The whole area is about three quarters of a inch long and three eights of a inch wide. She lost her hair in this area. That's the reason I originally noticed it.

If it wasn't expanding I would guess now on a insect bite. We have lots of critters here.

This whole issue has been going on for about 5 days.


----------



## Connie Sutherland (Mar 27, 2006)

Lee H Sternberg said:


> I'm stumped. I decided today that it isn't mange or ringworm. It is expanding rapidly. It is on the inside edge of the lower ear a half inch before it meets the head. The original problem is now a bit swollen and pink. The new area are not and looks like mange. There is no puss in the swollen area.
> 
> The whole area is about three quarters of a inch long and three eights of a inch wide. She lost her hair in this area. That's the reason I originally noticed it.
> 
> ...


So it's on the ear only?

Like ear mites?


http://www.marvistavet.com/html/body_ear_mites.html

PS
Sorry, I totally missed the ear part, skimming the thread yesterday.


----------



## Lee H Sternberg (Jan 27, 2008)

Connie Sutherland said:


> So it's on the ear only?
> 
> Like ear mites?
> 
> ...


It isn't ear mites Connie. Any other ideas?


----------



## Guest (Dec 1, 2008)

Hey Lee can you post a good picture of it?


----------



## Connie Sutherland (Mar 27, 2006)

Jody Butler said:


> Hey Lee can you post a good picture of it?



That'd be great. Include the ear-edges.


----------



## Connie Sutherland (Mar 27, 2006)

Lee H Sternberg said:


> It isn't ear mites Connie. Any other ideas?




Folliculitis? Chiggers?


----------



## Lee H Sternberg (Jan 27, 2008)

Connie and Jody - I don't know how to post any photos but to the photo gallery so that's where I put them. There are three possibly okay shots.


----------



## Anna Kasho (Jan 16, 2008)

Below the image, where it says BB image code - select the code, copy it, and paste into the message. Should show up as a clickable thumbnail linking to full size pic in the gallery.

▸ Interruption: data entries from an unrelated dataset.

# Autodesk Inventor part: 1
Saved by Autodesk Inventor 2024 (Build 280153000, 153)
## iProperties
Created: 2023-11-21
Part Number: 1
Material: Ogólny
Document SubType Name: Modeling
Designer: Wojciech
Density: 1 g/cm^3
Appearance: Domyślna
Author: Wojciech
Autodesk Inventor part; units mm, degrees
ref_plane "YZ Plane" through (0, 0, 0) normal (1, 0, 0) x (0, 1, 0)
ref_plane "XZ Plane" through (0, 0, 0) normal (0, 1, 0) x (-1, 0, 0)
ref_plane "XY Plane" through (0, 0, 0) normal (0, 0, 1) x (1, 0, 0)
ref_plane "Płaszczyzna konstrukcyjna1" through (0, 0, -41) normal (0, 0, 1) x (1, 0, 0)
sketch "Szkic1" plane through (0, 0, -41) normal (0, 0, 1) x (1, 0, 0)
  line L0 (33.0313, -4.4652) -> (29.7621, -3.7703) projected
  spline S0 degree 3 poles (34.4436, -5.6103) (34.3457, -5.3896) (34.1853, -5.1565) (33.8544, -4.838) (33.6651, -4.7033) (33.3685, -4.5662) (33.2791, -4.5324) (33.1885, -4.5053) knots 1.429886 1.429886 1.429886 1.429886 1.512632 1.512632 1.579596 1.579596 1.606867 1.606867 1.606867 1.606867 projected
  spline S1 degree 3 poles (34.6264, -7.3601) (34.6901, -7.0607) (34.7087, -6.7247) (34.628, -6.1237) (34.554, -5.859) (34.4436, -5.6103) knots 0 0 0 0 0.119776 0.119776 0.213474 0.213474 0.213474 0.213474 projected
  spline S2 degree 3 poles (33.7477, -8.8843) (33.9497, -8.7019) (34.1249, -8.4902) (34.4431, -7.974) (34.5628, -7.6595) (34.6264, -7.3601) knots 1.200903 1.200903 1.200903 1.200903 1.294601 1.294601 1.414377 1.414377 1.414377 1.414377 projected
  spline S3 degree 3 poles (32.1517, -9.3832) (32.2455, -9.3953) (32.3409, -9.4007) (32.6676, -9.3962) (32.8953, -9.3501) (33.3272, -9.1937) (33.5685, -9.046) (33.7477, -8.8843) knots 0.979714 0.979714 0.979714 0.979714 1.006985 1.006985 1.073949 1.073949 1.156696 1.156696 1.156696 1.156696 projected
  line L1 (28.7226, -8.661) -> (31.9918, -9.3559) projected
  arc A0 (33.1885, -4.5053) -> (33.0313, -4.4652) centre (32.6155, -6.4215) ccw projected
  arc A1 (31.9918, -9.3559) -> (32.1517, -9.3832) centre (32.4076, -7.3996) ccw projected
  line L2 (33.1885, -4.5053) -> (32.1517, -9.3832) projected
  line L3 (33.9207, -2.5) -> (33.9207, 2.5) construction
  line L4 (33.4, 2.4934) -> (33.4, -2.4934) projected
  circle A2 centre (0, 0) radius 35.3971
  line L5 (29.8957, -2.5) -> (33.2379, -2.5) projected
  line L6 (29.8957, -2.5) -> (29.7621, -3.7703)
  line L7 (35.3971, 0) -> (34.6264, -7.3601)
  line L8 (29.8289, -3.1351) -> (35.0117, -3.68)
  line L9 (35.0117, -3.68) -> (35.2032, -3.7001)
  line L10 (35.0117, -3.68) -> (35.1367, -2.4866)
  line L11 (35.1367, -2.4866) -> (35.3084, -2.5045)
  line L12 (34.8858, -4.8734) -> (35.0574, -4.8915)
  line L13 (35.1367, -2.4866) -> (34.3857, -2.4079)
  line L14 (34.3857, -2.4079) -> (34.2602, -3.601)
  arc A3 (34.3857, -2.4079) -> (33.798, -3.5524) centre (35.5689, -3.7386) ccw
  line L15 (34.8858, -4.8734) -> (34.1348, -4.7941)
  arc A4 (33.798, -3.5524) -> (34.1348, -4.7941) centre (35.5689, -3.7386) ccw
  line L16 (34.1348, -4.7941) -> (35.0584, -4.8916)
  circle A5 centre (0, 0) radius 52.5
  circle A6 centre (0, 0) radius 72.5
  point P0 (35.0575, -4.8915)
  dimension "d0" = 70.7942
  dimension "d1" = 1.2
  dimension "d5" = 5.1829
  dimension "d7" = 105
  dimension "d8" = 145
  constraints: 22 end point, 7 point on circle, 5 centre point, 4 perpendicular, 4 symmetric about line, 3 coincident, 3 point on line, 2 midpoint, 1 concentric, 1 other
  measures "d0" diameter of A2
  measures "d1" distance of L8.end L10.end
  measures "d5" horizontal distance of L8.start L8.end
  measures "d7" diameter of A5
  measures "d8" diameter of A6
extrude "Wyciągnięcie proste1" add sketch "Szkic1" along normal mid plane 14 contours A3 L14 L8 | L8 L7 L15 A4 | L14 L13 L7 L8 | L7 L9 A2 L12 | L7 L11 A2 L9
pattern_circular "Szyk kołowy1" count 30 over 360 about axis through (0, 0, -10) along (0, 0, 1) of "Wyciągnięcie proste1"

Hope that helps. This is one of the pics:



I don't think anyone asked, is it itchy or not? Is it possible for her to be in contact with some kind of chemical irritant, or rubbing it on something? (would explain hair loss?)


----------



## Maren Bell Jones (Jun 7, 2006)

PM sent, but for everyone's edification, here is some information on sarcoptic mange. Not that I can even remotely diagnose this from a picture (nor should I be), but just some general information that may be of help:



> The localization of lesions can be relatively suggestive. *At least at the beginning of the disease they appear on the ear pinnae, particularly on their margins*, the lateral aspects of the elbows and the ventral aspects of the thorax and abdomen. Generalization can occur but even in these cases the dorso-lumbar area seems to be spared....
> 
> DIAGNOSIS
> Diagnosis of scabies is based first on history and clinical aspects (a contagious pruritic ventral papulo-crustous dermatosis). Contagion is sometimes subtle and the source of infection is not clearly identifiable in 50% of cases. A good response to systemic glucorticoid therapy occurs in about 40% of the cases and consequently does not allow the exclusion of scabies. In addition to the lesions and topography described above, the *pinnal-pedal reflex should be looked for: when the ear margin (with or without visible lesions) is rubbed, particularly at the site where the pinna is folded, this triggers an attempt to scratch by the dog's hind leg.* This zone may give a "sandy" feeling when palpated. In the French literature it is called "Henry's zone" after the name of a parasitologist who noticed in the twenties both its oft-infestation of mites and its sensitivity to stimulation. *The pinnal-pedal reflex is only suggestive and not specific: it occurs in about 80% of scabies cases but also in about 20% of other pruritic dermatoses.*


From: http://www.vin.com/proceedings/Proceedings.plx?CID=WSAVA2004&PID=8625&O=Generic

Don, when fecals cost about $20, why on earth you'd mess with purchasing a decent microscope (good student ones at at least $500...don't mess with crappy scopes, trust me) and having all the training, solutions, supplies, parasitology guides, and a centrifuge needed to run fecal floation is beyond me.


----------



## Don Turnipseed (Oct 8, 2006)

Maren Bell Jones said:


> Don, when fecals cost about $20, why on earth you'd mess with purchasing a decent microscope (good student ones at at least $500...don't mess with crappy scopes, trust me) and having all the training, solutions, supplies, parasitology guides, and a centrifuge needed to run fecal floation is beyond me.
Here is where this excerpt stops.